> Work required: Search the entries below for "origin". Report each line where it occurs.

> Material for the task:
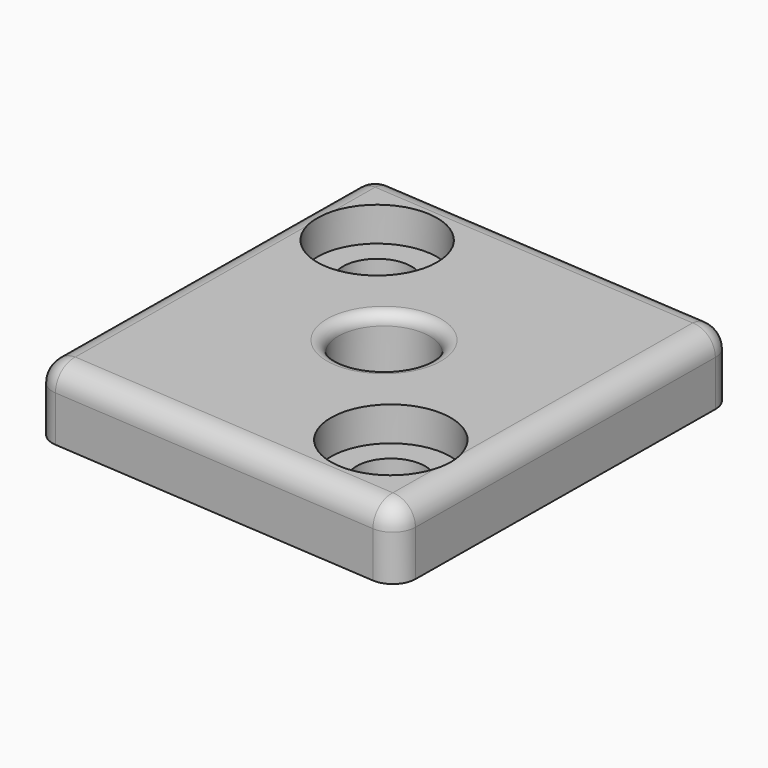
from build123d import *

# Parameters (mm, degrees)
F0_R         = 2.625
F0_R_2       = 2
F0_R_3       = 1.5
F1_DEPTH     = 3
F2_R         = 2.625
F2_R_2       = 1.5
F3_DEPTH     = 1.5
F4_T1_DEPTH  = 16.2344954865
F4_T3_DEPTH  = 14.8006020278
F4_T5_DEPTH  = 16.2344954865
F4_T7_DEPTH  = 14.8006020278
F4_T9_DEPTH  = 4.3472443006
F4_T11_DEPTH = 4.6626968477
F4_T16_DEPTH = 1
F4_T22_DEPTH = 1
F4_T28_DEPTH = 1
F4_T34_DEPTH = 1
F5_R         = 0.5


# Not quite as in the source:
# - a fillet or chamfer that OpenCascade refuses, or shapes differently, is made with other operations: its cross-section is extruded or revolved along the edge and cut away or added


with BuildPart() as f1:
    # F0 (on Top) → F1 (new body)
    with BuildSketch(Plane.XY):
        Polygon((8.4645454874, 8.5124193832), (-8.2962074114, 9.7252756798), (-8.4645454874, -8.5124193832), (8.2962074114, -9.7252756798), align=None)
        with Locations((4.8033426305, -5.6307453454)):
            Circle(F0_R, mode=Mode.SUBTRACT)
        Polygon((-2.3040371523, -3.3198032774), (-4.02705255, 0.3354530665), (-1.7230153977, 3.6552563439), (2.3040371523, 3.3198032774), (4.02705255, -0.3354530665), (1.7230153977, -3.6552563439), align=None, mode=Mode.SUBTRACT)
        with Locations((-4.8033426305, 5.6307453454)):
            Circle(F0_R, mode=Mode.SUBTRACT)
        Polygon((-1.7230153977, 3.6552563439), (-4.02705255, 0.3354530665), (-2.3040371523, -3.3198032774), (1.7230153977, -3.6552563439), (4.02705255, -0.3354530665), (2.3040371523, 3.3198032774), align=None)
        Circle(F0_R_2, mode=Mode.SUBTRACT)
        with Locations((-4.8033426305, 5.6307453454)):
            Circle(F0_R)
        with Locations((-4.8033426305, 5.6307453454)):
            Circle(F0_R_3, mode=Mode.SUBTRACT)
        with Locations((4.8033426305, -5.6307453454)):
            Circle(F0_R)
        with Locations((4.8033426305, -5.6307453454)):
            Circle(F0_R_3, mode=Mode.SUBTRACT)
    extrude(amount=F1_DEPTH)

    # F2 (on face) → F3 (cut)
    with BuildSketch(Plane.XY.offset(3)):
        with Locations((-4.8033426305, 5.6307453454)):
            Circle(F2_R)
        with Locations((-4.8033426305, 5.6307453454)):
            Circle(F2_R_2, mode=Mode.SUBTRACT)
        with Locations((4.8033426305, -5.6307453454)):
            Circle(F2_R)
        with Locations((4.8033426305, -5.6307453454)):
            Circle(F2_R_2, mode=Mode.SUBTRACT)
    extrude(amount=-F3_DEPTH, mode=Mode.SUBTRACT)

    # F4: fillet of radius 1 on 8 edges, made by hand

    # F4_s2 → F4_t1 (cut)
    with BuildSketch(Plane(origin=(0.0792216076, 8.582844455, 0), x_dir=(0, 0, 1), z_dir=(-0.0092298344, -0.9999574042, 0))):
        with BuildLine():
            ThreePointArc((2, 8.3856167117), (2.7071067812, 8.0927234929), (3, 7.3856167117))
            Line((3, 7.3856167117), (3, 8.3856167117))
            Line((3, 8.3856167117), (2, 8.3856167117))
        make_face()
    extrude(amount=F4_T1_DEPTH, mode=Mode.SUBTRACT)

    # F4_s4 → F4_t3 (cut)
    with BuildSketch(Plane(origin=(6.8712291985, -0.4972219118, 0), x_dir=(0, 0, 1), z_dir=(-0.9973920448, 0.0721741576, 0))):
        with BuildLine():
            ThreePointArc((3, 8.1011408148), (2.7071067812, 8.808247596), (2, 9.1011408148))
            Line((2, 9.1011408148), (3, 9.1011408148))
            Line((3, 9.1011408148), (3, 8.1011408148))
        make_face()
    extrude(amount=F4_T3_DEPTH, mode=Mode.SUBTRACT)

    # F4_s6 → F4_t5 (cut)
    with BuildSketch(Plane(origin=(-0.0792216076, -8.582844455, 0), x_dir=(0, 0, 1), z_dir=(0.0092298344, 0.9999574042, 0))):
        with BuildLine():
            ThreePointArc((2, 8.3856167117), (2.7071067812, 8.0927234929), (3, 7.3856167117))
            Line((3, 7.3856167117), (3, 8.3856167117))
            Line((3, 8.3856167117), (2, 8.3856167117))
        make_face()
    extrude(amount=F4_T5_DEPTH, mode=Mode.SUBTRACT)

    # F4_s8 → F4_t7 (cut)
    with BuildSketch(Plane(origin=(-6.8712291985, 0.4972219118, 0), x_dir=(0, 0, 1), z_dir=(0.9973920448, -0.0721741576, 0))):
        with BuildLine():
            ThreePointArc((2, 9.1011408148), (2.7071067812, 8.808247596), (3, 8.1011408148))
            Line((3, 8.1011408148), (3, 9.1011408148))
            Line((3, 9.1011408148), (2, 9.1011408148))
        make_face()
    extrude(amount=F4_T7_DEPTH, mode=Mode.SUBTRACT)

    # F4_s10 → F4_t9 (cut)
    with BuildSketch(Plane.XY.offset(-2.3472443006)):
        with BuildLine():
            ThreePointArc((8.4558796169, 7.573561656), (8.1912373991, 8.2605167863), (7.5280963703, 8.5801835352))
            Line((7.5280963703, 8.5801835352), (8.4645454874, 8.5124193832))
            Line((8.4645454874, 8.5124193832), (8.4558796169, 7.573561656))
        make_face()
        with BuildLine():
            ThreePointArc((-7.5280963703, -8.5801835352), (-8.1912373991, -8.2605167863), (-8.4558796169, -7.573561656))
            Line((-8.4558796169, -7.573561656), (-8.4645454874, -8.5124193832))
            Line((-8.4645454874, -8.5124193832), (-7.5280963703, -8.5801835352))
        make_face()
    extrude(amount=F4_T9_DEPTH, mode=Mode.SUBTRACT)

    # F4_s12 → F4_t11 (cut)
    with BuildSketch(Plane.XY.offset(-2.6626968477)):
        with BuildLine():
            ThreePointArc((7.23390635, -9.648404519), (7.9838058035, -9.3863276607), (8.3060379118, -8.6602423087))
            Line((8.3060379118, -8.6602423087), (8.2962074114, -9.7252756798))
            Line((8.2962074114, -9.7252756798), (7.23390635, -9.648404519))
        make_face()
        with BuildLine():
            ThreePointArc((-8.3060379118, 8.6602423087), (-7.9838058035, 9.3863276607), (-7.23390635, 9.648404519))
            Line((-7.23390635, 9.648404519), (-8.2962074114, 9.7252756798))
            Line((-8.2962074114, 9.7252756798), (-8.3060379118, 8.6602423087))
        make_face()
    extrude(amount=F4_T11_DEPTH, mode=Mode.SUBTRACT)


with BuildPart() as f4_tool14:
    # F4_s15 → F4_t16 (new body)
    with BuildSketch(Plane.XY.offset(2)):
        Polygon((-7.3060805076, 8.6510124742), (-7.23390635, 9.648404519), (-8.2962074114, 9.7252756798), (-8.3060379118, 8.6602423087), align=None)
    extrude(amount=F4_T16_DEPTH)

    # F4_s17 → F4_t18 (revolve, cut)
    with BuildSketch(Plane(origin=(-7.3060805076, 8.6510124742, 2), x_dir=(0.6777252959, -0.7353151864, 0), z_dir=(-0.7353151864, -0.6777252959, 0))):
        with BuildLine():
            ThreePointArc((0, -1), (1, 0), (0, 1))
            Line((0, 1), (0, -1))
        make_face()
    revolve(axis=Axis((-7.3060805076, 8.6510124742, 2), (0, 0, 1)), mode=Mode.SUBTRACT)


with BuildPart() as f1_1:
    add(f1.part)

    # F4_t13: cut F4_tool14
    add(f4_tool14.part, mode=Mode.SUBTRACT)


with BuildPart() as f4_tool20:
    # F4_s21 → F4_t22 (new body)
    with BuildSketch(Plane.XY.offset(2)):
        Polygon((-7.4559222127, -7.5827914904), (-7.5280963703, -8.5801835352), (-8.4645454874, -8.5124193832), (-8.4558796169, -7.573561656), align=None)
    extrude(amount=F4_T22_DEPTH)

    # F4_s23 → F4_t24 (revolve, cut)
    with BuildSketch(Plane(origin=(-7.4559222127, -7.5827914904, 2), x_dir=(0.7353151864, 0.6777252959, 0), z_dir=(0.6777252959, -0.7353151864, 0))):
        with BuildLine():
            ThreePointArc((0, -1), (1, 0), (0, 1))
            Line((0, 1), (0, -1))
        make_face()
    revolve(axis=Axis((-7.4559222127, -7.5827914904, 2), (0, 0, 1)), mode=Mode.SUBTRACT)


with BuildPart() as f1_2:
    add(f1_1.part)

    # F4_t19: cut F4_tool20
    add(f4_tool20.part, mode=Mode.SUBTRACT)


with BuildPart() as f4_tool26:
    # F4_s27 → F4_t28 (new body)
    with BuildSketch(Plane.XY.offset(2)):
        Polygon((7.4559222127, 7.5827914904), (7.5280963703, 8.5801835352), (8.4645454874, 8.5124193832), (8.4558796169, 7.573561656), align=None)
    extrude(amount=F4_T28_DEPTH)

    # F4_s29 → F4_t30 (revolve, cut)
    with BuildSketch(Plane(origin=(7.4559222127, 7.5827914904, 2), x_dir=(-0.7353151864, -0.6777252959, 0), z_dir=(-0.6777252959, 0.7353151864, 0))):
        with BuildLine():
            ThreePointArc((0, -1), (1, 0), (0, 1))
            Line((0, 1), (0, -1))
        make_face()
    revolve(axis=Axis((7.4559222127, 7.5827914904, 2), (0, 0, 1)), mode=Mode.SUBTRACT)


with BuildPart() as f1_3:
    add(f1_2.part)

    # F4_t25: cut F4_tool26
    add(f4_tool26.part, mode=Mode.SUBTRACT)


with BuildPart() as f4_tool32:
    # F4_s33 → F4_t34 (new body)
    with BuildSketch(Plane.XY.offset(2)):
        Polygon((7.3060805076, -8.6510124742), (7.23390635, -9.648404519), (8.2962074114, -9.7252756798), (8.3060379118, -8.6602423087), align=None)
    extrude(amount=F4_T34_DEPTH)

    # F4_s35 → F4_t36 (revolve, cut)
    with BuildSketch(Plane(origin=(7.3060805076, -8.6510124742, 2), x_dir=(-0.6777252959, 0.7353151864, 0), z_dir=(0.7353151864, 0.6777252959, 0))):
        with BuildLine():
            ThreePointArc((0, -1), (1, 0), (0, 1))
            Line((0, 1), (0, -1))
        make_face()
    revolve(axis=Axis((7.3060805076, -8.6510124742, 2), (0, 0, 1)), mode=Mode.SUBTRACT)


with BuildPart() as f1_4:
    add(f1_3.part)

    # F4_t31: cut F4_tool32
    add(f4_tool32.part, mode=Mode.SUBTRACT)

    # F5
    f5_edges = [f1_4.edges().sort_by_distance(p)[0] for p in [
        (-2, 0, 3),
    ]]
    fillet(f5_edges, radius=F5_R)


solid = f1_4.part

> Task output:
    with BuildSketch(Plane(origin=(0.0792216076, 8.582844455, 0), x_dir=(0, 0, 1), z_dir=(-0.0092298344, -0.9999574042, 0))):
    with BuildSketch(Plane(origin=(6.8712291985, -0.4972219118, 0), x_dir=(0, 0, 1), z_dir=(-0.9973920448, 0.0721741576, 0))):
    with BuildSketch(Plane(origin=(-0.0792216076, -8.582844455, 0), x_dir=(0, 0, 1), z_dir=(0.0092298344, 0.9999574042, 0))):
    with BuildSketch(Plane(origin=(-6.8712291985, 0.4972219118, 0), x_dir=(0, 0, 1), z_dir=(0.9973920448, -0.0721741576, 0))):
    with BuildSketch(Plane(origin=(-7.3060805076, 8.6510124742, 2), x_dir=(0.6777252959, -0.7353151864, 0), z_dir=(-0.7353151864, -0.6777252959, 0))):
    with BuildSketch(Plane(origin=(-7.4559222127, -7.5827914904, 2), x_dir=(0.7353151864, 0.6777252959, 0), z_dir=(0.6777252959, -0.7353151864, 0))):
    with BuildSketch(Plane(origin=(7.4559222127, 7.5827914904, 2), x_dir=(-0.7353151864, -0.6777252959, 0), z_dir=(-0.6777252959, 0.7353151864, 0))):
    with BuildSketch(Plane(origin=(7.3060805076, -8.6510124742, 2), x_dir=(-0.6777252959, 0.7353151864, 0), z_dir=(0.7353151864, 0.6777252959, 0))):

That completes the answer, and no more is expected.